Still. He made a note to keep more of an eye on her. She was valuable to Talios—nothing to fear on that score, at least, as the doctor preferred men—and with that had come acceptance in the camp. It would not do to have her ally with some common free lance under the guise of love. Perhaps she needed to be reminded that her place in his army was still at his sufferance.
He steeled himself against the pain and called, “Grayne!”

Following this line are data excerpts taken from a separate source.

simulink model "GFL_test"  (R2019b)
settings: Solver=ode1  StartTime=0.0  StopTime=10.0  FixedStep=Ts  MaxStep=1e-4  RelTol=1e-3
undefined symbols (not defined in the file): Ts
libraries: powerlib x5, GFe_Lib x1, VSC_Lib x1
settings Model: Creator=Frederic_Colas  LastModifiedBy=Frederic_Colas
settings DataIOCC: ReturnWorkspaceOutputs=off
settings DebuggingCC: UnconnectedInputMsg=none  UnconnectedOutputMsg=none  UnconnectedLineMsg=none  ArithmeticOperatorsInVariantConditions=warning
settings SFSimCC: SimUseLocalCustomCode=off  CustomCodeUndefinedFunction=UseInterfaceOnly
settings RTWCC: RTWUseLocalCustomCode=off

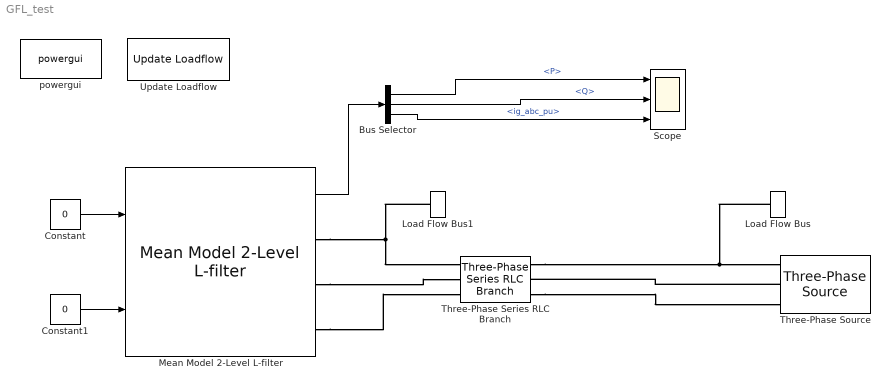
== system GFL_test ==
  Bus Selector : BusSelector  OutputSignals=P,Q,I.ig_abc_pu
  Constant : Constant  Value=0
  Constant1 : Constant  Value=0
  Load Flow Bus : powerlib/Measurements/Load Flow Bus  LConnTagsString=a  Phases=single  Connectors=on one side  ID=BUS_1  Vbase=400  Vref=1  Vangle=0  VLF=1  VLFb=1  VLFc=1  angleLF=0  angleLFb=0  angleLFc=0
  Load Flow Bus1 : powerlib/Measurements/Load Flow Bus  LConnTagsString=a  Phases=single  Connectors=on one side  ID=BUS_2  Vbase=400  Vref=1  Vangle=0  VLF=1.001  VLFb=1  VLFc=1  angleLF=0.2249  angleLFb=0  angleLFc=0
  Mean Model 2-Level L-filter : GFe_Lib/Mean Model 2-Level L-filter  fn=50  Sn=10e3  Pn=10e3  Udcn=750  Time_Step=Ts  Un1=400  Un2=400  m=1  Rt_pu=0.005  Lt_pu=0.15  Lm_pu=500  Rm_pu=500  Tr_PLL=10  wn_i=1500  zeta_i=1  Kffi=on  Filtre_FF=on  w_ff=1000  QV=Reactive Power Control  w_P=10  w_V=50  w_LPF=4000  Imax=5  Iqmax=5  K_FRT=0  LFpopup=PQ  P0=0.2  Q0=0  V0=1.0006  Theta0=0.22486
      settings: SourceProductName=VSC4SPS
  Scope : Scope  NumInputPorts=3
  Three-Phase Series RLC Branch : powerlib/Elements/Three-Phase Series RLC Branch  LConnTagsString=A|B|C  RConnTagsString=A|B|C  BranchType=RL  Resistance=0.05  Inductance=1e-3  Capacitance=1e-6  Measurements=None
  Three-Phase Source : powerlib/Electrical Sources/Three-Phase Source  InternalConnection=Yg  VoltagePhases=off  Voltage=(400)*1  PhaseAngle=0  Voltage_phases=[25e3 25e3 25e3]/sqrt(3)  PhaseAngles_phases=[0 -120 +120]  Frequency=50  NonIdealSource=off  SpecifyImpedance=off  Resistance=0.8929  Inductance=16.58e-3  ShortCircuitLevel=100e6  BaseVoltage=25e3  XRratio=7  BusType=swing  Pref=10e3  Qref=0  Prefabc=[10e3, 10e3, 10e3]  Qrefabc=[0, 0, 0]  Qmin=-inf  Qmax=inf
  Update Loadflow : VSC_Lib/Update Loadflow  ShowInLibBrowser=on
      settings: SourceProductName=VSC4SPS
  powergui : powerlib/powergui  Priority=1  SimulationMode=Discrete  SampleTime=Ts  frequency=60  Iterations=50  frequencyindice=50  Pbase=10000  ErrMax=1e-6  UnitsV=kV  UnitsW=kW  buscounter=0  FunctionMessages=off  echomessages=off  EnableUseOfTLC=off  CurrentSourceSwitches=off  DisableSnubberDevices=off  DisableRonSwitches=off  DisableVfSwitches=off  DisplayEquations=off  AutomaticDiscreteSolvers=off  SolverType=Tustin/Backward Euler (TBE)  Interpol=off  ExternalGateDelay=off  methode=off  Ts=100  x0status=blocks  SPID=on  SwTol=0  HookPort=off  NonlinearTolerance=1e-4  nMaxIteration=100  ContinueOnMaxIteration=off  RestoreLinks=warning  ResistiveCurrentMeasurement=off  Frange=[0:2:500]  Ylog=off  Xlog=on  ShowGrid=off  save=off  variable=ZData  structure=0  ZoomFFT=off  StartTime=0.0  cycles=1  DisplayStyle=1  fundamental=60  FreqAxis=off  MaxFrequency=1000  frequencyindicesteady=1  RmsSteady=1  display=off
  wires:
  Mean Model 2-Level L-filter/1 -> Bus Selector/1
  Bus Selector/1 -> Scope/1  "<P>"
  Bus Selector/2 -> Scope/2  "<Q>"
  Bus Selector/3 -> Scope/3  "<ig_abc_pu>"
  Constant/1 -> Mean Model 2-Level L-filter/1
  Constant1/1 -> Mean Model 2-Level L-filter/2
  connections:
  Mean Model 2-Level L-filter/RConn1 -- Three-Phase Series RLC Branch/LConn1 -- Load Flow Bus1/LConn1
  Mean Model 2-Level L-filter/RConn2 -- Three-Phase Series RLC Branch/LConn2
  Mean Model 2-Level L-filter/RConn3 -- Three-Phase Series RLC Branch/LConn3
  Three-Phase Series RLC Branch/RConn1 -- Load Flow Bus/LConn1 -- Three-Phase Source/RConn1
  Three-Phase Source/RConn2 -- Three-Phase Series RLC Branch/RConn2
  Three-Phase Series RLC Branch/RConn3 -- Three-Phase Source/RConn3

No response. Cursing, Marthen reached out and threw the first thing to hand: the girl’s helmet. It pattered harmlessly against the wall of the tent. “Grayne!” he roared, and the force of the cry against his ribs almost made him faint. His head pounded, and his vision grew blurry again.
I will kill him myself. I will run him through. He panted shallowly, the best he could manage.
Grayne ducked in, his face white. “Sir,” he said, his eyes wide with panic. “I was—I just—”
“You useless pig. Help me up.”
Grayne supported him to his feet and helped him make his way outside his tent. The icy wind made his eyes water and blew his hair across his face, but he confronted it with perverse glee. It took his mind off his battered body. Talios had said that he had at least two broken ribs, and his head pounded with every beat of his heart. It hurt to ride, to walk, to breathe.
He turned stiffly, scanning the camp. “Where is the girl?” he asked.